_WORK ITEM_. Any picture among the records should be left out, please; retype the rest exactly.

Items listed in a dataset
* * * *
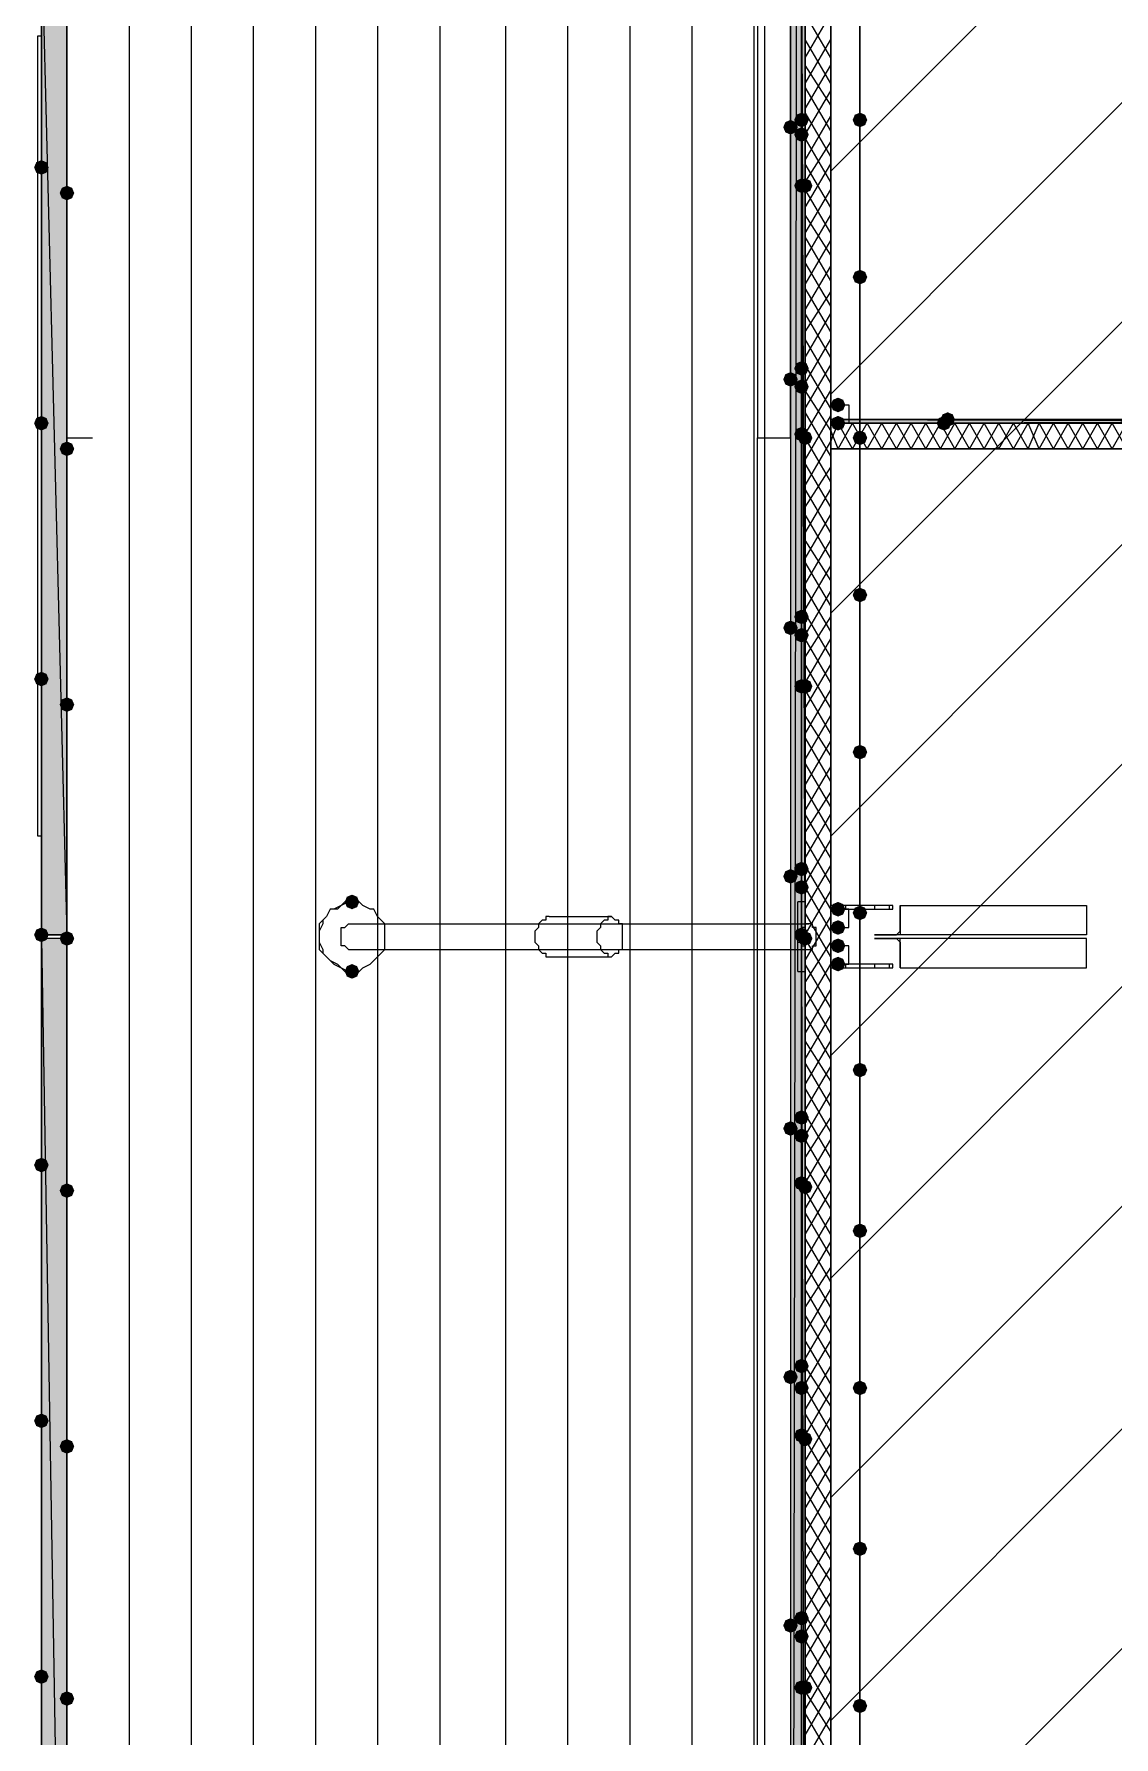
# Model space of a CAD drawing. Header units: millimetres. Extents: x 0 to 420, y 0 to 297.
# Drawn here: x 98.93 to 111.44, y 163.22 to 182.94 of the extents above; entities that cross this region are included whole.
import ezdxf

# ---------------------------------------------------------------- set-up
doc = ezdxf.new("R2010")
doc.units = ezdxf.units.MM
doc.layers.get('0').update_dxf_attribs({"linetype": 'CONTINUOUS'})

msp = doc.modelspace()

# ---------------------------------------------------------------- hatches: boundary and pattern name
at = {"true_color": 0x000007}
h = msp.add_hatch(color=0, dxfattribs=at)
h.paths.add_polyline_path([(107.823, 137.117667), (107.696, 137.117667), (107.823, 219.456)], flags=0)
h.paths.add_polyline_path([(107.696, 137.117667), (107.823, 219.456), (107.696, 219.456)], flags=0)
h = msp.add_hatch(color=0, dxfattribs=at)
h.paths.add_polyline_path([(99.017667, 172.508333), (99.017667, 184.065333), (99.314, 172.508333)], flags=0)
h.paths.add_polyline_path([(99.017667, 184.065333), (99.314, 172.508333), (99.314, 184.065333)], flags=0)
h = msp.add_hatch(color=0, dxfattribs=at)
h.paths.add_polyline_path([(107.865333, 184.065333), (107.823, 184.065333), (107.865333, 172.508333)], flags=0)
h.paths.add_polyline_path([(107.823, 184.065333), (107.865333, 172.508333), (107.823, 172.508333)], flags=0)
at = {"true_color": 0x0000fe}
for points in [[(107.780667, 181.864), (107.755796, 181.804204), (107.696, 181.779333), (107.636204, 181.804204), (107.611333, 181.864), (107.636204, 181.923796), (107.696, 181.948667), (107.755796, 181.923796)], [(107.907667, 181.948667), (107.882796, 181.888871), (107.823, 181.864), (107.763204, 181.888871), (107.738333, 181.948667), (107.763204, 182.008462), (107.823, 182.033333), (107.882796, 182.008463)], [(107.907667, 181.779333), (107.882796, 181.719538), (107.823, 181.694667), (107.763204, 181.719538), (107.738333, 181.779333), (107.763204, 181.839129), (107.823, 181.864), (107.882796, 181.839129)], [(107.907667, 181.779333), (107.882796, 181.719538), (107.823, 181.694667), (107.763204, 181.719538), (107.738333, 181.779333), (107.763204, 181.839129), (107.823, 181.864), (107.882796, 181.839129)], [(99.102333, 181.398333), (99.077463, 181.338537), (99.017667, 181.313667), (98.957871, 181.338537), (98.933, 181.398333), (98.957871, 181.458129), (99.017667, 181.483), (99.077462, 181.458129)], [(99.398667, 181.102), (99.373796, 181.042204), (99.314, 181.017333), (99.254204, 181.042204), (99.229333, 181.102), (99.254204, 181.161796), (99.314, 181.186667), (99.373796, 181.161796)], [(107.907667, 181.186667), (107.882796, 181.126871), (107.823, 181.102), (107.763204, 181.126871), (107.738333, 181.186667), (107.763204, 181.246462), (107.823, 181.271333), (107.882796, 181.246463)], [(107.95, 181.186667), (107.925129, 181.126871), (107.865333, 181.102), (107.805538, 181.126871), (107.780667, 181.186667), (107.805537, 181.246462), (107.865333, 181.271333), (107.925129, 181.246463)], [(107.907667, 179.07), (107.882796, 179.010204), (107.823, 178.985333), (107.763204, 179.010204), (107.738333, 179.07), (107.763204, 179.129796), (107.823, 179.154667), (107.882796, 179.129796)], [(107.780667, 178.943), (107.755796, 178.883204), (107.696, 178.858333), (107.636204, 178.883204), (107.611333, 178.943), (107.636204, 179.002796), (107.696, 179.027667), (107.755796, 179.002796)], [(107.907667, 178.858333), (107.882796, 178.798537), (107.823, 178.773667), (107.763204, 178.798537), (107.738333, 178.858333), (107.763204, 178.918129), (107.823, 178.943), (107.882796, 178.918129)], [(107.907667, 178.858333), (107.882796, 178.798537), (107.823, 178.773667), (107.763204, 178.798537), (107.738333, 178.858333), (107.763204, 178.918129), (107.823, 178.943), (107.882796, 178.918129)], [(109.601, 178.477333), (109.576129, 178.417537), (109.516333, 178.392667), (109.456537, 178.417537), (109.431667, 178.477333), (109.456537, 178.537129), (109.516333, 178.562), (109.576129, 178.537129)], [(99.102333, 178.435), (99.077463, 178.375204), (99.017667, 178.350333), (98.957871, 178.375204), (98.933, 178.435), (98.957871, 178.494796), (99.017667, 178.519667), (99.077462, 178.494796)], [(107.907667, 178.308), (107.882796, 178.248204), (107.823, 178.223333), (107.763204, 178.248204), (107.738333, 178.308), (107.763204, 178.367796), (107.823, 178.392667), (107.882796, 178.367796)], [(107.95, 178.265667), (107.925129, 178.205871), (107.865333, 178.181), (107.805538, 178.205871), (107.780667, 178.265667), (107.805537, 178.325462), (107.865333, 178.350333), (107.925129, 178.325463)], [(109.558667, 178.435), (109.533796, 178.375204), (109.474, 178.350333), (109.414204, 178.375204), (109.389333, 178.435), (109.414204, 178.494796), (109.474, 178.519667), (109.533796, 178.494796)], [(99.398667, 178.138667), (99.373796, 178.078871), (99.314, 178.054), (99.254204, 178.078871), (99.229333, 178.138667), (99.254204, 178.198462), (99.314, 178.223333), (99.373796, 178.198463)], [(107.907667, 176.191333), (107.882796, 176.131537), (107.823, 176.106667), (107.763204, 176.131537), (107.738333, 176.191333), (107.763204, 176.251129), (107.823, 176.276), (107.882796, 176.251129)], [(107.780667, 176.064333), (107.755796, 176.004537), (107.696, 175.979667), (107.636204, 176.004537), (107.611333, 176.064333), (107.636204, 176.124129), (107.696, 176.149), (107.755796, 176.124129)], [(107.907667, 175.979667), (107.882796, 175.919871), (107.823, 175.895), (107.763204, 175.919871), (107.738333, 175.979667), (107.763204, 176.039462), (107.823, 176.064333), (107.882796, 176.039463)], [(107.907667, 175.979667), (107.882796, 175.919871), (107.823, 175.895), (107.763204, 175.919871), (107.738333, 175.979667), (107.763204, 176.039462), (107.823, 176.064333), (107.882796, 176.039463)], [(99.102333, 175.471667), (99.077463, 175.411871), (99.017667, 175.387), (98.957871, 175.411871), (98.933, 175.471667), (98.957871, 175.531462), (99.017667, 175.556333), (99.077462, 175.531463)], [(107.907667, 175.387), (107.882796, 175.327204), (107.823, 175.302333), (107.763204, 175.327204), (107.738333, 175.387), (107.763204, 175.446796), (107.823, 175.471667), (107.882796, 175.446796)], [(107.95, 175.387), (107.925129, 175.327204), (107.865333, 175.302333), (107.805538, 175.327204), (107.780667, 175.387), (107.805537, 175.446796), (107.865333, 175.471667), (107.925129, 175.446796)], [(99.398667, 175.175333), (99.373796, 175.115537), (99.314, 175.090667), (99.254204, 175.115537), (99.229333, 175.175333), (99.254204, 175.235129), (99.314, 175.26), (99.373796, 175.235129)], [(107.780667, 173.185667), (107.755796, 173.125871), (107.696, 173.101), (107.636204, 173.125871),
* * * *
_EXERCISE ANSWER_.
# Model space of a CAD drawing. Header units: millimetres. Extents: x 0 to 420, y 0 to 297.
# Drawn here: x 98.93 to 111.44, y 163.22 to 182.94 of the extents above; entities that cross this region are included whole.
import ezdxf

# ---------------------------------------------------------------- set-up
doc = ezdxf.new("R2010")
doc.units = ezdxf.units.MM
doc.layers.get('0').update_dxf_attribs({"linetype": 'CONTINUOUS'})

msp = doc.modelspace()

# ---------------------------------------------------------------- hatches: boundary and pattern name
at = {"true_color": 0x000007}
h = msp.add_hatch(color=0, dxfattribs=at)
h.paths.add_polyline_path([(107.823, 137.117667), (107.696, 137.117667), (107.823, 219.456)], flags=0)
h.paths.add_polyline_path([(107.696, 137.117667), (107.823, 219.456), (107.696, 219.456)], flags=0)
h = msp.add_hatch(color=0, dxfattribs=at)
h.paths.add_polyline_path([(99.017667, 172.508333), (99.017667, 184.065333), (99.314, 172.508333)], flags=0)
h.paths.add_polyline_path([(99.017667, 184.065333), (99.314, 172.508333), (99.314, 184.065333)], flags=0)
h = msp.add_hatch(color=0, dxfattribs=at)
h.paths.add_polyline_path([(107.865333, 184.065333), (107.823, 184.065333), (107.865333, 172.508333)], flags=0)
h.paths.add_polyline_path([(107.823, 184.065333), (107.865333, 172.508333), (107.823, 172.508333)], flags=0)
at = {"true_color": 0x0000fe}
for points in [[(107.780667, 181.864), (107.755796, 181.804204), (107.696, 181.779333), (107.636204, 181.804204), (107.611333, 181.864), (107.636204, 181.923796), (107.696, 181.948667), (107.755796, 181.923796)], [(107.907667, 181.948667), (107.882796, 181.888871), (107.823, 181.864), (107.763204, 181.888871), (107.738333, 181.948667), (107.763204, 182.008462), (107.823, 182.033333), (107.882796, 182.008463)], [(107.907667, 181.779333), (107.882796, 181.719538), (107.823, 181.694667), (107.763204, 181.719538), (107.738333, 181.779333), (107.763204, 181.839129), (107.823, 181.864), (107.882796, 181.839129)], [(107.907667, 181.779333), (107.882796, 181.719538), (107.823, 181.694667), (107.763204, 181.719538), (107.738333, 181.779333), (107.763204, 181.839129), (107.823, 181.864), (107.882796, 181.839129)], [(99.102333, 181.398333), (99.077463, 181.338537), (99.017667, 181.313667), (98.957871, 181.338537), (98.933, 181.398333), (98.957871, 181.458129), (99.017667, 181.483), (99.077462, 181.458129)], [(99.398667, 181.102), (99.373796, 181.042204), (99.314, 181.017333), (99.254204, 181.042204), (99.229333, 181.102), (99.254204, 181.161796), (99.314, 181.186667), (99.373796, 181.161796)], [(107.907667, 181.186667), (107.882796, 181.126871), (107.823, 181.102), (107.763204, 181.126871), (107.738333, 181.186667), (107.763204, 181.246462), (107.823, 181.271333), (107.882796, 181.246463)], [(107.95, 181.186667), (107.925129, 181.126871), (107.865333, 181.102), (107.805538, 181.126871), (107.780667, 181.186667), (107.805537, 181.246462), (107.865333, 181.271333), (107.925129, 181.246463)], [(107.907667, 179.07), (107.882796, 179.010204), (107.823, 178.985333), (107.763204, 179.010204), (107.738333, 179.07), (107.763204, 179.129796), (107.823, 179.154667), (107.882796, 179.129796)], [(107.780667, 178.943), (107.755796, 178.883204), (107.696, 178.858333), (107.636204, 178.883204), (107.611333, 178.943), (107.636204, 179.002796), (107.696, 179.027667), (107.755796, 179.002796)], [(107.907667, 178.858333), (107.882796, 178.798537), (107.823, 178.773667), (107.763204, 178.798537), (107.738333, 178.858333), (107.763204, 178.918129), (107.823, 178.943), (107.882796, 178.918129)], [(107.907667, 178.858333), (107.882796, 178.798537), (107.823, 178.773667), (107.763204, 178.798537), (107.738333, 178.858333), (107.763204, 178.918129), (107.823, 178.943), (107.882796, 178.918129)], [(109.601, 178.477333), (109.576129, 178.417537), (109.516333, 178.392667), (109.456537, 178.417537), (109.431667, 178.477333), (109.456537, 178.537129), (109.516333, 178.562), (109.576129, 178.537129)], [(99.102333, 178.435), (99.077463, 178.375204), (99.017667, 178.350333), (98.957871, 178.375204), (98.933, 178.435), (98.957871, 178.494796), (99.017667, 178.519667), (99.077462, 178.494796)], [(107.907667, 178.308), (107.882796, 178.248204), (107.823, 178.223333), (107.763204, 178.248204), (107.738333, 178.308), (107.763204, 178.367796), (107.823, 178.392667), (107.882796, 178.367796)], [(107.95, 178.265667), (107.925129, 178.205871), (107.865333, 178.181), (107.805538, 178.205871), (107.780667, 178.265667), (107.805537, 178.325462), (107.865333, 178.350333), (107.925129, 178.325463)], [(109.558667, 178.435), (109.533796, 178.375204), (109.474, 178.350333), (109.414204, 178.375204), (109.389333, 178.435), (109.414204, 178.494796), (109.474, 178.519667), (109.533796, 178.494796)], [(99.398667, 178.138667), (99.373796, 178.078871), (99.314, 178.054), (99.254204, 178.078871), (99.229333, 178.138667), (99.254204, 178.198462), (99.314, 178.223333), (99.373796, 178.198463)], [(107.907667, 176.191333), (107.882796, 176.131537), (107.823, 176.106667), (107.763204, 176.131537), (107.738333, 176.191333), (107.763204, 176.251129), (107.823, 176.276), (107.882796, 176.251129)], [(107.780667, 176.064333), (107.755796, 176.004537), (107.696, 175.979667), (107.636204, 176.004537), (107.611333, 176.064333), (107.636204, 176.124129), (107.696, 176.149), (107.755796, 176.124129)], [(107.907667, 175.979667), (107.882796, 175.919871), (107.823, 175.895), (107.763204, 175.919871), (107.738333, 175.979667), (107.763204, 176.039462), (107.823, 176.064333), (107.882796, 176.039463)], [(107.907667, 175.979667), (107.882796, 175.919871), (107.823, 175.895), (107.763204, 175.919871), (107.738333, 175.979667), (107.763204, 176.039462), (107.823, 176.064333), (107.882796, 176.039463)], [(99.102333, 175.471667), (99.077463, 175.411871), (99.017667, 175.387), (98.957871, 175.411871), (98.933, 175.471667), (98.957871, 175.531462), (99.017667, 175.556333), (99.077462, 175.531463)], [(107.907667, 175.387), (107.882796, 175.327204), (107.823, 175.302333), (107.763204, 175.327204), (107.738333, 175.387), (107.763204, 175.446796), (107.823, 175.471667), (107.882796, 175.446796)], [(107.95, 175.387), (107.925129, 175.327204), (107.865333, 175.302333), (107.805538, 175.327204), (107.780667, 175.387), (107.805537, 175.446796), (107.865333, 175.471667), (107.925129, 175.446796)], [(99.398667, 175.175333), (99.373796, 175.115537), (99.314, 175.090667), (99.254204, 175.115537), (99.229333, 175.175333), (99.254204, 175.235129), (99.314, 175.26), (99.373796, 175.235129)], [(107.780667, 173.185667), (107.755796, 173.125871), (107.696, 173.101), (107.636204, 173.125871),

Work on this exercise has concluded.